Activity
Below are records that hold pictures; write out only the lines from their start through the line with "plane through (0, 0, 0)", exactly, and drop the pictures.

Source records
• • • •
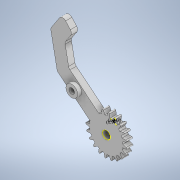
# Autodesk Inventor part: Servo pinza 2
Saved by Autodesk Inventor 2021 (Build 250183000, 183)
## iProperties
Created: 2021-03-24
Part Number: Servo pinza 2
Material: Generic
Document SubType Name: Modeling
Designer: LCG
Density: 1 g/cm^3
Appearance: Default
Author: LCG
Autodesk Inventor part; units mm, degrees
ref_plane "YZ Plane" through (0, 0, 0) normal (1, 0, 0) x (0, 1, 0)
ref_plane "XZ Plane" through (0, 0, 0) normal (0, 1, 0) x (-1, 0, 0)
ref_plane "XY Plane" through (0, 0, 0) normal (0, 0, 1) x (1, 0, 0)
sketch "Sketch1" plane through (0, 0, 0) normal (0, 0, 1) x (1, 0, 0)
  circle A0 centre (0, 0) radius 2.5
  line L0 (0, 0) -> (-15.5714, 12.5511)
  line L1 (0, 0) -> (20, 0) construction
  line L2 (-15.5714, 12.5511) -> (-18.3421, 9.1137)
  line L3 (0, 0) -> (-10.3273, 2.6535)
  line L4 (0, 0) -> (26.0413, 0) construction
  line L5 (-18.3421, 9.1137) -> (-10.3273, 2.6535)
  line L6 (-23.1447, 24.3261) -> (-21.5758, 26.2725)
  circle A1 centre (-21.5758, 26.2725) radius 2.5
  line L7 (-23.6708, 23.9703) -> (-17.7415, 23.9703) construction
  line L8 (-24.0288, 25.7899) -> (-26.2178, 36.9166)
  line L9 (-24.0288, 25.7899) -> (-12.6888, 25.7899) construction
  line L10 (-26.2178, 36.9166) -> (-23.7649, 37.3992)
  circle A2 centre (-23.7649, 37.3992) radius 2.5
  line L11 (-26.2069, 38.2378) -> (-20.9991, 38.2378) construction
  line L12 (-25.8513, 38.7765) -> (-22.6835, 43.5752)
  line L13 (-25.8513, 38.7765) -> (-20.1013, 38.7765) construction
  line L14 (-22.6835, 43.5752) -> (-24.7699, 44.9525)
  circle A3 centre (-24.7699, 44.9525) radius 2.5
  line L15 (0, 0) -> (60, 0) construction
  line L16 (-25.9313, 49.9817) -> (-22.9112, 46.6245)
  line L17 (-24.7699, 40.4146) -> (-32.5897, 45.5767)
  line L18 (-32.5897, 45.5767) -> (-29.8763, 49.6871)
  line L19 (-32.5897, 45.5767) -> (-34.946, 42.0073)
  line L20 (-25.1233, 31.3533) -> (-33.2672, 29.7511)
  line L21 (-33.2672, 29.7511) -> (-35.3126, 40.1474)
  line L22 (-33.2672, 29.7511) -> (-31.4304, 20.4146)
  line L23 (-18.3421, 9.1137) -> (-30.5463, 18.9507)
  line L24 (-16.7222, 19.1493) -> (-22.2635, 12.2745)
  arc A4 (-10.3273, 2.6535) -> (-4.786, 9.5283) centre (0, 0) ccw
  arc A5 (-25.9313, 49.9817) -> (-29.8763, 49.6871) centre (-27.7899, 48.3098) ccw
  arc A6 (-34.946, 42.0073) -> (-35.3126, 40.1474) centre (-32.8596, 40.63) ccw
  arc A7 (-31.4304, 20.4146) -> (-30.5463, 18.9507) centre (-28.9774, 20.8971) ccw
  line L25 (-16.7222, 19.1493) -> (-23.1447, 24.3261)
  line L26 (-16.7222, 19.1493) -> (-4.786, 9.5283)
  circle A8 centre (-19.4928, 15.7119) radius 1.75
  line L27 (0, 0) -> (-10.6628, 0)
  line L28 (-4.786, 9.5283) -> (0, 0)
  arc A9 (-12.7774, 0.4964) -> (-12.7774, -0.4964) centre (-12.6628, 0) ccw
  line L29 (-10.6628, 0) -> (-10.1628, 0)
  line L30 (-10.6162, 0.9953) -> (-12.7774, 0.4964)
  line L31 (-10.6162, -0.9953) -> (-12.7774, -0.4964)
  line L32 (-10.4242, -2.2431) -> (-12.3353, -3.3688)
  line L33 (-9.8256, -4.1416) -> (-12.0367, -4.3157)
  arc A10 (-12.3353, -3.3688) -> (-12.0367, -4.3157) centre (-12.0767, -3.8078) ccw
  line L34 (-9.2672, -5.2739) -> (-10.7513, -6.9222)
  line L35 (-8.1254, -6.9045) -> (-10.1819, -7.7354)
  arc A11 (-10.7513, -6.9222) -> (-10.1819, -7.7354) centre (-10.3727, -7.2631) ccw
  line L36 (-7.2524, -7.8165) -> (-8.1722, -9.8348)
  line L37 (-5.6731, -9.0283) -> (-7.3845, -10.4392)
  arc A12 (-8.1722, -9.8348) -> (-7.3845, -10.4392) centre (-7.7086, -10.046) ccw
  line L38 (-4.5663, -9.6356) -> (-4.8366, -11.837)
  line L39 (-2.6957, -10.3164) -> (-3.9036, -12.1766)
  arc A13 (-4.8366, -11.837) -> (-3.9036, -12.1766) centre (-4.3309, -11.8991) ccw
  line L40 (-1.4574, -10.5627) -> (-1.0533, -12.7435)
  line L41 (0.5313, -10.6495) -> (-0.0614, -12.7869)
  arc A14 (-1.0533, -12.7435) -> (-0.0614, -12.7869) centre (-0.5523, -12.6507) ccw
  line L42 (1.7863, -10.5121) -> (2.8275, -12.4705)
  line L43 (3.7091, -9.9969) -> (3.7865, -12.2135)
  arc A15 (2.8275, -12.4705) -> (3.7865, -12.2135) centre (3.2774, -12.2313) ccw
  line L44 (4.8646, -9.4884) -> (6.4466, -11.043)
  line L45 (6.5435, -8.4188) -> (7.2839, -10.5096)
  arc A16 (6.4466, -11.043) -> (7.2839, -10.5096) centre (6.8037, -10.6797) ccw
  line L46 (7.4927, -7.5864) -> (9.4689, -8.5934)
  line L47 (8.7723, -6.0615) -> (10.1071, -7.8329)
  arc A17 (9.4689, -8.5934) -> (10.1071, -7.8329) centre (9.7002, -8.1395) ccw
  line L48 (9.4272, -4.9822) -> (11.6148, -5.3483)
  line L49 (10.189, -3.1431) -> (11.9947, -4.4311)
  arc A18 (11.6148, -5.3483) -> (11.9947, -4.4311) centre (11.6989, -4.8458) ccw
  line L50 (10.4891, -1.9168) -> (12.6855, -1.6081)
  line L51 (10.6626, 0.0663) -> (12.772, -0.6191)
  arc A19 (12.6855, -1.6081) -> (12.772, -0.6191) centre (12.6146, -1.1036) ccw
  line L52 (10.58, 1.326) -> (12.5819, 2.2809)
  line L53 (10.1491, 3.2695) -> (12.367, 3.2502)
  arc A20 (12.5819, 2.2809) -> (12.367, 3.2502) centre (12.3626, 2.7407) ccw
  line L54 (9.6916, 4.4461) -> (11.3137, 5.9588)
  line L55 (8.6962, 6.1701) -> (10.8173, 6.8186)
  arc A21 (11.3137, 5.9588) -> (10.8173, 6.8186) centre (10.9663, 6.3314) ccw
  line L56 (7.906, 7.1547) -> (8.9982, 9.0851)
  line L57 (6.4384, 8.4995) -> (8.2663, 9.7558)
  arc A22 (8.9982, 9.0851) -> (8.2663, 9.7558) centre (8.5548, 9.336) ccw
  line L58 (5.3887, 9.2009) -> (5.8498, 11.3704)
  line L59 (3.5845, 10.0422) -> (4.9501, 11.79)
  arc A23 (5.8498, 11.3704) -> (4.9501, 11.79) centre (5.3515, 11.4764) ccw
  line L60 (2.3725, 10.3955) -> (2.1599, 12.6033)
  line L61 (0.3989, 10.6553) -> (1.1756, 12.7328)
  arc A24 (2.1599, 12.6033) -> (1.1756, 12.7328) centre (1.6528, 12.5544) ccw
  line L62 (-0.8633, 10.6278) -> (-1.7299, 12.6694)
  line L63 (-2.8237, 10.2821) -> (-2.7076, 12.497)
  arc A25 (-1.7299, 12.6694) -> (-2.7076, 12.497) centre (-2.1989, 12.4704) ccw
  point P0 (-10.1693, -3.2064)
  point P1 (-8.7344, -6.1159)
  point P2 (-6.4911, -8.4593)
  point P3 (-3.6469, -10.0197)
  point P4 (-0.4651, -10.6526)
  point P5 (2.7597, -10.2994)
  point P6 (5.7291, -8.9929)
  point P7 (8.1681, -6.8539)
  point P8 (9.8511, -4.0805)
  point P9 (10.6222, -0.9293)
  point P10 (10.41, 2.3078)
  point P11 (9.2342, 5.3314)
  point P12 (7.2037, 7.8614)
  point P13 (4.5063, 9.6637)
  point P14 (1.3918, 10.5715)
  point P15 (-1.8516, 10.5008)
  dimension "d0" = 5
  dimension "d1" = 20
  dimension "d2" = 141.13
  dimension "d3" = 4.415
  dimension "d4" = 165.59
  dimension "d6" = 10.2942
  dimension "d8" = 2.5
  dimension "d11" = 11.34
  dimension "d13" = 101.13
  dimension "d14" = 2.5
  dimension "d16" = 5.75
  dimension "d17" = 56.57
  dimension "d18" = 2.5
  dimension "d22" = 9.37
  dimension "d23" = 8.3
  dimension "d25" = 8.83
  dimension "d26" = 2.5
  dimension "d27" = 3.5
  dimension "d34" = 63.33
  dimension "d41" = 0.5
  dimension "d46" = 280
  constraints: 128 end point, 44 point on circle, 24 centre point, 12 perpendicular, 10 tangent, 7 horizontal, 5 coincident, 4 point on line, 3 equal length, 2 equal radius, 2 midpoint, 157 other
  measures "d0" diameter of A0
  measures "d1" distance of L0.start L0.end
  measures "d2" angle of L1 L0
  measures "d3" distance of L0.end L2.end
  measures "d4" angle of L4 L3
  measures "d6" distance of L3.end L2.end
  measures "d8" distance of L6.start L6.end
  measures "d11" distance of L8.start L8.end
  measures "d13" angle of L9 L8
  measures "d14" distance of L8.end L10.end
  measures "d16" distance of L12.start L12.end
  measures "d17" angle of L13 L12
  measures "d18" distance of L12.end L14.end
  measures "d22" distance of L17.start L17.end
  measures "d23" distance of L20.start L20.end
  measures "d25" distance of L24.start L24.end
  measures "d26" radius of A5
  measures "d27" diameter of A8
  measures "d34" angle of L28 L27
  measures "d41" distance of L27.end L29.end
extrude "Extrusion1" add sketch "Sketch1" along normal blind 4 contours A0 L28 A4 L27 | A0 L0 L2 L23 L24 A8 L26 L28 | L27 A4 L3 A0 | A0 L3 L5 L2 L0 | L63 A25 L62 A4 | L24 A8 L23 A7 L22 L20 L8 A1 L25 | A4 L31 A9 L30 | L61 A24 L60 A4 | A4 L33 A10 L32 | L20 L21 A6 L19 L17 L12 A2 L8 | L59 A23 L58 A4 | A4 L35 A11 L34 | L57 A22 L56 A4 | L17 L18 A5 L16 A3 L12 | A4 L37 A12 L36 | A3 | L55 A21 L54 A4 | A4 L39 A13 L38 | L53 A20 L52 A4 | A4 L41 A14 L40 | L51 A19 L50 A4 | A4 L43 A15 L42 | L49 A18 L48 A4 | A4 L45 A16 L44 | L47 A17 L46 A4
sketch "Sketch2" plane through (0, 0, 4) normal (0, 0, 1) x (1, 0, 0)
  circle A0 centre (-19.4928, 15.7119) radius 1.75 projected
  circle A1 centre (-19.4928, 15.7119) radius 1.75
  circle A2 centre (-19.4928, 15.7119) radius 3.75
  point P0 (0, 0)
  dimension "d50" = 7.5
  constraints: 2 centre point, 2 coincident
  measures "d50" diameter of A2
extrude "Extrusion2" add sketch "Sketch2" along normal blind 2.5
sketch "Sketch3" plane through (0, 0, 4) normal (0, 0, 1) x (1, 0, 0)
  circle A0 centre (0, 0) radius 2.5 projected
  arc A1 (3.5845, 10.0422) -> (2.3725, 10.3955) centre (0, 0) ccw projected
  arc A2 (6.4384, 8.4995) -> (5.3887, 9.2009) centre (0, 0) ccw projected
  line L0 (3.5845, 10.0422) -> (5.3887, 9.2009)
  arc A3 (5.8498, 11.3704) -> (4.9501, 11.79) centre (5.3515, 11.4764) ccw projected
  line L1 (4.4866, 9.6215) -> (5.3515, 11.4764)
  dimension "d53" = 1.9906
  dimension "d54" = 2.0466
  constraints: 4 end point, 1 midpoint
  measures "d53" distance of L0.start L0.end
  measures "d54" distance of L1.start L1.end
body "Solid1"
• • • •
Completed task
# Autodesk Inventor part: Servo pinza 2
Saved by Autodesk Inventor 2021 (Build 250183000, 183)
## iProperties
Created: 2021-03-24
Part Number: Servo pinza 2
Material: Generic
Document SubType Name: Modeling
Designer: LCG
Density: 1 g/cm^3
Appearance: Default
Author: LCG
Autodesk Inventor part; units mm, degrees
ref_plane "YZ Plane" through (0, 0, 0) normal (1, 0, 0) x (0, 1, 0)
ref_plane "XZ Plane" through (0, 0, 0) normal (0, 1, 0) x (-1, 0, 0)
ref_plane "XY Plane" through (0, 0, 0) normal (0, 0, 1) x (1, 0, 0)
sketch "Sketch1" plane through (0, 0, 0) normal (0, 0, 1) x (1, 0, 0)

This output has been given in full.